Explaining the reason for the sense of urgency, Featherstone says: “John and I felt really strongly that this should happen now. If we commission a playwright, it’s going to happen in a year and a half’s time, but it felt like it was the question for now. We’re attempting a really serious piece of theatre about a profession and an industry which connects with every single person in the country on a daily basis and which does not have the space to reflect on their own situation in their own media.”

Last year’s phone-hacking scandal, the shotgun closure of the News of the World and the subsequent Leveson Inquiry has brought a murky web of newspaper practices sharply into focus. But Featherstone and Tiffany believe this is just one aspect of a much larger crisis.
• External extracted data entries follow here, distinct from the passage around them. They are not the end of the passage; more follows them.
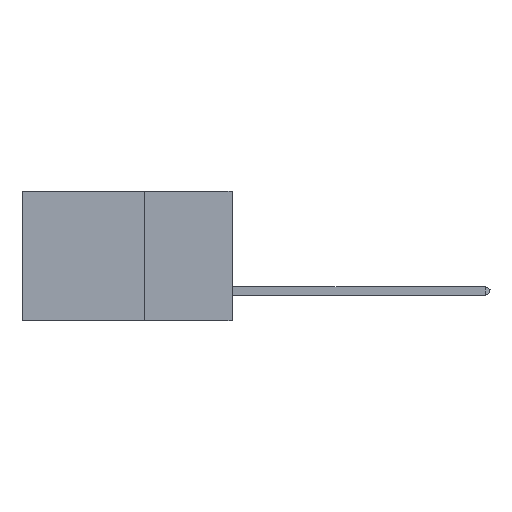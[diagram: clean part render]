
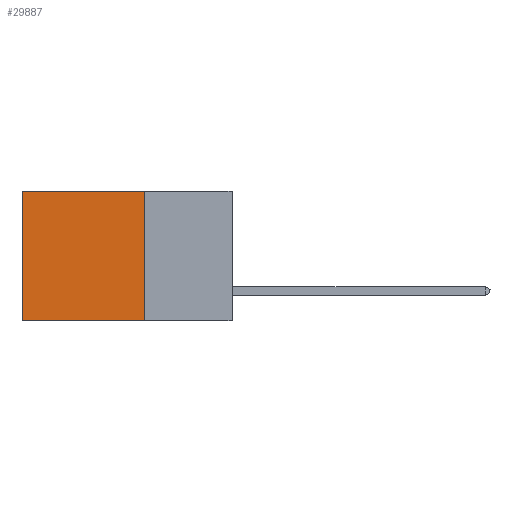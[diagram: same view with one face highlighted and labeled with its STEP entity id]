
A CAD part, left-side view. The second image highlights one B-rep face of the part: STEP entity #29887.
In plain terms, the highlighted planar face has unit normal (-1, 0, 0).
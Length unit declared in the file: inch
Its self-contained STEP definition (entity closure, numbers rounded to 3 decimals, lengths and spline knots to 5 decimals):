
#2064 = CARTESIAN_POINT ( 'NONE',  ( 0.2875, 0.25, 0. ) ) ;
#3044 = CARTESIAN_POINT ( 'NONE',  ( 0.2875, 0.25, -0.37 ) ) ;
#4247 = ORIENTED_EDGE ( 'NONE', *, *, #15548, .F. ) ;
#4780 = CARTESIAN_POINT ( 'NONE',  ( 0.2875, 0.6, 0. ) ) ;
#5530 = CARTESIAN_POINT ( 'NONE',  ( 0.2875, 0.6, -0.37 ) ) ;
#5860 = ORIENTED_EDGE ( 'NONE', *, *, #15326, .T. ) ;
#7014 = ORIENTED_EDGE ( 'NONE', *, *, #19245, .T. ) ;
#9055 = VECTOR ( 'NONE', #20923, 39.37008 ) ;
#9198 = CARTESIAN_POINT ( 'NONE',  ( 0.2875, 0.25, 0. ) ) ;
#10690 = CARTESIAN_POINT ( 'NONE',  ( 0.2875, 0.25, 0. ) ) ;
#11524 = AXIS2_PLACEMENT_3D ( 'NONE', #2064, #30227, #23071 ) ;
#11922 = CARTESIAN_POINT ( 'NONE',  ( 0.2875, 0.25, 0. ) ) ;
#13117 = EDGE_CURVE ( 'NONE', #30804, #23891, #21308, .T. ) ;
#15326 = EDGE_CURVE ( 'NONE', #30804, #28081, #22311, .T. ) ;
#15397 = LINE ( 'NONE', #20566, #20231 ) ;
#15548 = EDGE_CURVE ( 'NONE', #23891, #21322, #25984, .T. ) ;
#16200 = DIRECTION ( 'NONE',  ( 0., 0., -1. ) ) ;
#16388 = DIRECTION ( 'NONE',  ( 0., 1., 0. ) ) ;
#17553 = DIRECTION ( 'NONE',  ( 0., 1., 0. ) ) ;
#19245 = EDGE_CURVE ( 'NONE', #28081, #21322, #15397, .T. ) ;
#20192 = EDGE_LOOP ( 'NONE', ( #7014, #4247, #24848, #5860 ) ) ;
#20231 = VECTOR ( 'NONE', #16200, 39.37008 ) ;
#20566 = CARTESIAN_POINT ( 'NONE',  ( 0.2875, 0.6, 0. ) ) ;
#20923 = DIRECTION ( 'NONE',  ( 0., 0., -1. ) ) ;
#21195 = VECTOR ( 'NONE', #16388, 39.37008 ) ;
#21308 = LINE ( 'NONE', #9198, #9055 ) ;
#21322 = VERTEX_POINT ( 'NONE', #5530 ) ;
#22128 = FACE_OUTER_BOUND ( 'NONE', #20192, .T. ) ;
#22311 = LINE ( 'NONE', #10690, #23052 ) ;
#23052 = VECTOR ( 'NONE', #17553, 39.37008 ) ;
#23071 = DIRECTION ( 'NONE',  ( 0., 0., -1. ) ) ;
#23891 = VERTEX_POINT ( 'NONE', #3044 ) ;
#24848 = ORIENTED_EDGE ( 'NONE', *, *, #13117, .F. ) ;
#25984 = LINE ( 'NONE', #28113, #21195 ) ;
#28081 = VERTEX_POINT ( 'NONE', #4780 ) ;
#28113 = CARTESIAN_POINT ( 'NONE',  ( 0.2875, 0.25, -0.37 ) ) ;
#28239 = PLANE ( 'NONE',  #11524 ) ;
#29887 = ADVANCED_FACE ( 'NONE', ( #22128 ), #28239, .F. ) ;
#30227 = DIRECTION ( 'NONE',  ( 1., 0., 0. ) ) ;
#30804 = VERTEX_POINT ( 'NONE', #11922 ) ;
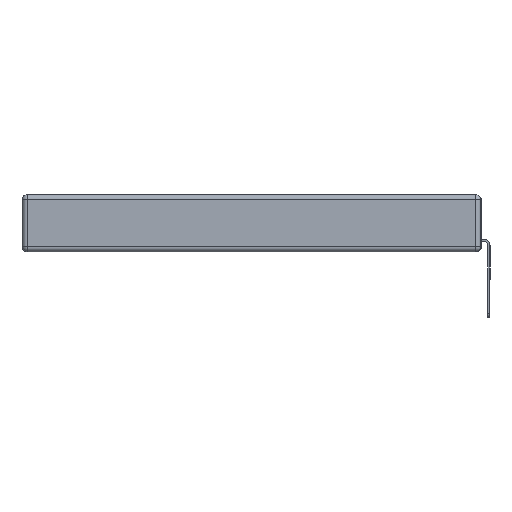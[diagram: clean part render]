
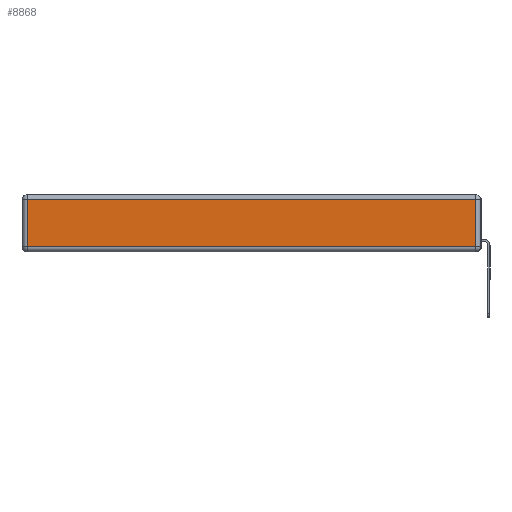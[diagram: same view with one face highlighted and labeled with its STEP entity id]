
A CAD part, left-side view. The second image highlights one B-rep face of the part: STEP entity #8868.
In plain terms, the highlighted planar face has unit normal (-1, 0, 0).
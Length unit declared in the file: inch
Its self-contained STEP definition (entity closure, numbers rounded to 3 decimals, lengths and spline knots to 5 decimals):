
#216 = CARTESIAN_POINT ( 'NONE',  ( 0., 0., -0.313 ) ) ;
#314 = DIRECTION ( 'NONE',  ( 0., 1., 0. ) ) ;
#1379 = CARTESIAN_POINT ( 'NONE',  ( 0., 2.75, -0.03 ) ) ;
#1514 = LINE ( 'NONE', #216, #5693 ) ;
#1865 = ORIENTED_EDGE ( 'NONE', *, *, #15981, .T. ) ;
#2990 = LINE ( 'NONE', #10491, #16047 ) ;
#3169 = PLANE ( 'NONE',  #7275 ) ;
#3395 = EDGE_CURVE ( 'NONE', #15228, #9262, #6508, .T. ) ;
#4307 = CARTESIAN_POINT ( 'NONE',  ( 0., 0., -0.343 ) ) ;
#5693 = VECTOR ( 'NONE', #9015, 39.37008 ) ;
#6369 = EDGE_CURVE ( 'NONE', #11418, #14700, #1514, .T. ) ;
#6508 = LINE ( 'NONE', #1379, #13816 ) ;
#7275 = AXIS2_PLACEMENT_3D ( 'NONE', #4307, #9450, #12878 ) ;
#7782 = LINE ( 'NONE', #9090, #15909 ) ;
#7899 = CARTESIAN_POINT ( 'NONE',  ( 0., 0.03, -0.313 ) ) ;
#8196 = CARTESIAN_POINT ( 'NONE',  ( 0., 0.03, -0.03 ) ) ;
#8868 = ADVANCED_FACE ( 'NONE', ( #11733 ), #3169, .T. ) ;
#9015 = DIRECTION ( 'NONE',  ( 0., -1., 0. ) ) ;
#9090 = CARTESIAN_POINT ( 'NONE',  ( 0., 2.72, -0.343 ) ) ;
#9262 = VERTEX_POINT ( 'NONE', #11538 ) ;
#9450 = DIRECTION ( 'NONE',  ( -1., 0., 0. ) ) ;
#9665 = EDGE_CURVE ( 'NONE', #9262, #11418, #7782, .T. ) ;
#10163 = ORIENTED_EDGE ( 'NONE', *, *, #6369, .T. ) ;
#10491 = CARTESIAN_POINT ( 'NONE',  ( 0., 0.03, -0.343 ) ) ;
#11079 = EDGE_LOOP ( 'NONE', ( #10163, #1865, #11491, #15434 ) ) ;
#11418 = VERTEX_POINT ( 'NONE', #14047 ) ;
#11491 = ORIENTED_EDGE ( 'NONE', *, *, #3395, .T. ) ;
#11538 = CARTESIAN_POINT ( 'NONE',  ( 0., 2.72, -0.03 ) ) ;
#11733 = FACE_OUTER_BOUND ( 'NONE', #11079, .T. ) ;
#11798 = DIRECTION ( 'NONE',  ( 0., 0., 1. ) ) ;
#12878 = DIRECTION ( 'NONE',  ( 0., 0., 1. ) ) ;
#13075 = DIRECTION ( 'NONE',  ( 0., 0., -1. ) ) ;
#13816 = VECTOR ( 'NONE', #314, 39.37008 ) ;
#14047 = CARTESIAN_POINT ( 'NONE',  ( 0., 2.72, -0.313 ) ) ;
#14700 = VERTEX_POINT ( 'NONE', #7899 ) ;
#15228 = VERTEX_POINT ( 'NONE', #8196 ) ;
#15434 = ORIENTED_EDGE ( 'NONE', *, *, #9665, .T. ) ;
#15909 = VECTOR ( 'NONE', #13075, 39.37008 ) ;
#15981 = EDGE_CURVE ( 'NONE', #14700, #15228, #2990, .T. ) ;
#16047 = VECTOR ( 'NONE', #11798, 39.37008 ) ;
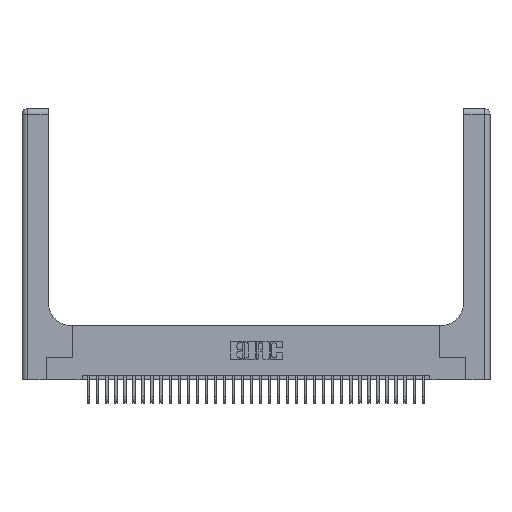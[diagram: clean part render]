
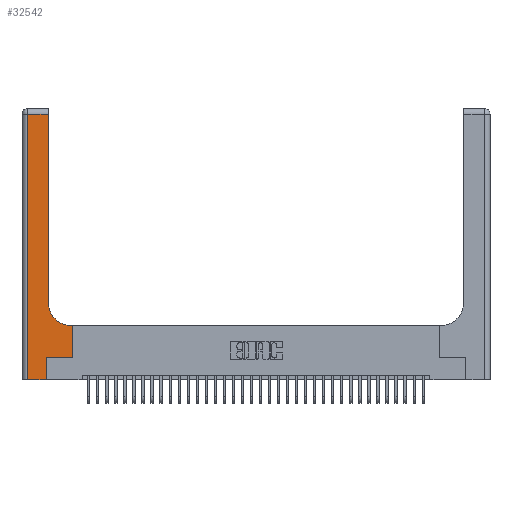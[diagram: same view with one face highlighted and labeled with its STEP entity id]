
A CAD part, top view. The second image highlights one B-rep face of the part: STEP entity #32542.
In plain terms, the highlighted planar face has unit normal (0, 0, 1).
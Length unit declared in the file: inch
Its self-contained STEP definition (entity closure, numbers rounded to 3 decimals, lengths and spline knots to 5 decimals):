
#166 = DIRECTION ( 'NONE',  ( 0., -1., 0. ) ) ;
#376 = VERTEX_POINT ( 'NONE', #32147 ) ;
#468 = CIRCLE ( 'NONE', #10036, 0.25 ) ;
#1016 = VERTEX_POINT ( 'NONE', #6161 ) ;
#1091 = CARTESIAN_POINT ( 'NONE',  ( 0., 3., 0.37 ) ) ;
#1142 = ORIENTED_EDGE ( 'NONE', *, *, #17522, .T. ) ;
#2170 = CARTESIAN_POINT ( 'NONE',  ( 0.5585, 0.25, 0.37 ) ) ;
#2455 = ORIENTED_EDGE ( 'NONE', *, *, #17761, .T. ) ;
#2585 = LINE ( 'NONE', #32829, #16213 ) ;
#3007 = EDGE_CURVE ( 'NONE', #6427, #1016, #31712, .T. ) ;
#3385 = VECTOR ( 'NONE', #26445, 39.37008 ) ;
#3393 = CARTESIAN_POINT ( 'NONE',  ( 0.2915, 0.6, 0.37 ) ) ;
#3431 = ORIENTED_EDGE ( 'NONE', *, *, #26476, .T. ) ;
#3520 = VERTEX_POINT ( 'NONE', #12462 ) ;
#4020 = VERTEX_POINT ( 'NONE', #26422 ) ;
#4056 = ORIENTED_EDGE ( 'NONE', *, *, #34689, .T. ) ;
#4371 = VERTEX_POINT ( 'NONE', #27849 ) ;
#4481 = CARTESIAN_POINT ( 'NONE',  ( 0.5585, 0.25, 0.37 ) ) ;
#4905 = VECTOR ( 'NONE', #166, 39.37008 ) ;
#5585 = CARTESIAN_POINT ( 'NONE',  ( 0.2915, 0.85, 0.37 ) ) ;
#6161 = CARTESIAN_POINT ( 'NONE',  ( 0.5585, 0.6, 0.37 ) ) ;
#6427 = VERTEX_POINT ( 'NONE', #2170 ) ;
#7512 = VERTEX_POINT ( 'NONE', #18950 ) ;
#8931 = VECTOR ( 'NONE', #18878, 39.37008 ) ;
#9338 = DIRECTION ( 'NONE',  ( 0., 1., 0. ) ) ;
#10036 = AXIS2_PLACEMENT_3D ( 'NONE', #34138, #17114, #37005 ) ;
#10242 = LINE ( 'NONE', #3393, #3385 ) ;
#10463 = CARTESIAN_POINT ( 'NONE',  ( 0., 0., 0.37 ) ) ;
#11689 = VECTOR ( 'NONE', #15035, 39.37008 ) ;
#12445 = CARTESIAN_POINT ( 'NONE',  ( 0.06, 2.94, 0.37 ) ) ;
#12462 = CARTESIAN_POINT ( 'NONE',  ( 0.269, 0., 0.37 ) ) ;
#12748 = VERTEX_POINT ( 'NONE', #5585 ) ;
#13800 = LINE ( 'NONE', #10463, #33816 ) ;
#13873 = LINE ( 'NONE', #34886, #35668 ) ;
#15035 = DIRECTION ( 'NONE',  ( 1., 0., 0. ) ) ;
#15732 = DIRECTION ( 'NONE',  ( -1., 0., 0. ) ) ;
#16213 = VECTOR ( 'NONE', #35671, 39.37008 ) ;
#17114 = DIRECTION ( 'NONE',  ( 0., 0., -1. ) ) ;
#17227 = CARTESIAN_POINT ( 'NONE',  ( 0.06, 3., 0.37 ) ) ;
#17522 = EDGE_CURVE ( 'NONE', #3520, #7512, #27700, .T. ) ;
#17761 = EDGE_CURVE ( 'NONE', #12748, #4020, #13873, .T. ) ;
#18509 = VERTEX_POINT ( 'NONE', #12445 ) ;
#18878 = DIRECTION ( 'NONE',  ( 0., 1., 0. ) ) ;
#18950 = CARTESIAN_POINT ( 'NONE',  ( 0.269, 0.25, 0.37 ) ) ;
#19938 = EDGE_CURVE ( 'NONE', #1016, #4371, #10242, .T. ) ;
#19995 = ORIENTED_EDGE ( 'NONE', *, *, #36030, .T. ) ;
#20140 = VECTOR ( 'NONE', #25517, 39.37008 ) ;
#20658 = CARTESIAN_POINT ( 'NONE',  ( 0.269, 0.25, 0.37 ) ) ;
#20813 = EDGE_CURVE ( 'NONE', #376, #3520, #13800, .T. ) ;
#22586 = ORIENTED_EDGE ( 'NONE', *, *, #20813, .T. ) ;
#22629 = CARTESIAN_POINT ( 'NONE',  ( 0.269, 0., 0.37 ) ) ;
#22778 = AXIS2_PLACEMENT_3D ( 'NONE', #1091, #32775, #15732 ) ;
#24768 = DIRECTION ( 'NONE',  ( 1., 0., 0. ) ) ;
#25517 = DIRECTION ( 'NONE',  ( 0., 1., 0. ) ) ;
#26019 = LINE ( 'NONE', #20658, #11689 ) ;
#26422 = CARTESIAN_POINT ( 'NONE',  ( 0.2915, 2.94, 0.37 ) ) ;
#26445 = DIRECTION ( 'NONE',  ( -1., 0., 0. ) ) ;
#26476 = EDGE_CURVE ( 'NONE', #18509, #376, #35349, .T. ) ;
#27084 = PLANE ( 'NONE',  #22778 ) ;
#27700 = LINE ( 'NONE', #22629, #20140 ) ;
#27849 = CARTESIAN_POINT ( 'NONE',  ( 0.5415, 0.6, 0.37 ) ) ;
#30524 = ORIENTED_EDGE ( 'NONE', *, *, #32204, .T. ) ;
#31712 = LINE ( 'NONE', #4481, #8931 ) ;
#32147 = CARTESIAN_POINT ( 'NONE',  ( 0.06, 0., 0.37 ) ) ;
#32204 = EDGE_CURVE ( 'NONE', #4371, #12748, #468, .T. ) ;
#32423 = ORIENTED_EDGE ( 'NONE', *, *, #19938, .T. ) ;
#32542 = ADVANCED_FACE ( 'NONE', ( #32848 ), #27084, .F. ) ;
#32775 = DIRECTION ( 'NONE',  ( 0., 0., -1. ) ) ;
#32829 = CARTESIAN_POINT ( 'NONE',  ( 0., 2.94, 0.37 ) ) ;
#32848 = FACE_OUTER_BOUND ( 'NONE', #37204, .T. ) ;
#33816 = VECTOR ( 'NONE', #24768, 39.37008 ) ;
#34138 = CARTESIAN_POINT ( 'NONE',  ( 0.5415, 0.85, 0.37 ) ) ;
#34689 = EDGE_CURVE ( 'NONE', #4020, #18509, #2585, .T. ) ;
#34886 = CARTESIAN_POINT ( 'NONE',  ( 0.2915, 3., 0.37 ) ) ;
#35349 = LINE ( 'NONE', #17227, #4905 ) ;
#35668 = VECTOR ( 'NONE', #9338, 39.37008 ) ;
#35671 = DIRECTION ( 'NONE',  ( -1., 0., 0. ) ) ;
#36030 = EDGE_CURVE ( 'NONE', #7512, #6427, #26019, .T. ) ;
#37005 = DIRECTION ( 'NONE',  ( 1., 0., 0. ) ) ;
#37038 = ORIENTED_EDGE ( 'NONE', *, *, #3007, .T. ) ;
#37204 = EDGE_LOOP ( 'NONE', ( #2455, #4056, #3431, #22586, #1142, #19995, #37038, #32423, #30524 ) ) ;

Allegations of phone-hacking and corruption take place against a backdrop of falling circulations and cutbacks across the industry, impacting on the ability of the press to do its job. As early as 2009, veteran media commentator Roy Greenslade said: “We are not facing a momentous crisis in journalism. We are already in a crisis that is putting the central public service aspect of our role in jeopardy.”

As readers increasingly turn to digital versions of papers for their news – or jettison “serious” news altogether in favour of celebrity gossip magazines and websites – the future of the press is being called into question.

Featherstone says: “I feel that the role that John and I have is not about describing what the future is going to look like without [the press] but about making us understand the importance of the speaking of truth, which is what the press can do. We need to feel viscerally the importance of that now, in order that we don’t end up looking back and saying, ‘Oh my God, that was really important and now it’s gone.’”

Theatre, she says, can provide a space for this discussion to take place. “From the conversations I’ve had with journalist friends, there is the feeling that in the papers, they can write about everyone else’s issues but not really their own. For me, theatre is always the place to be able to respond to big questions like that. So we decided that we would try and create a piece of theatre looking at those questions.”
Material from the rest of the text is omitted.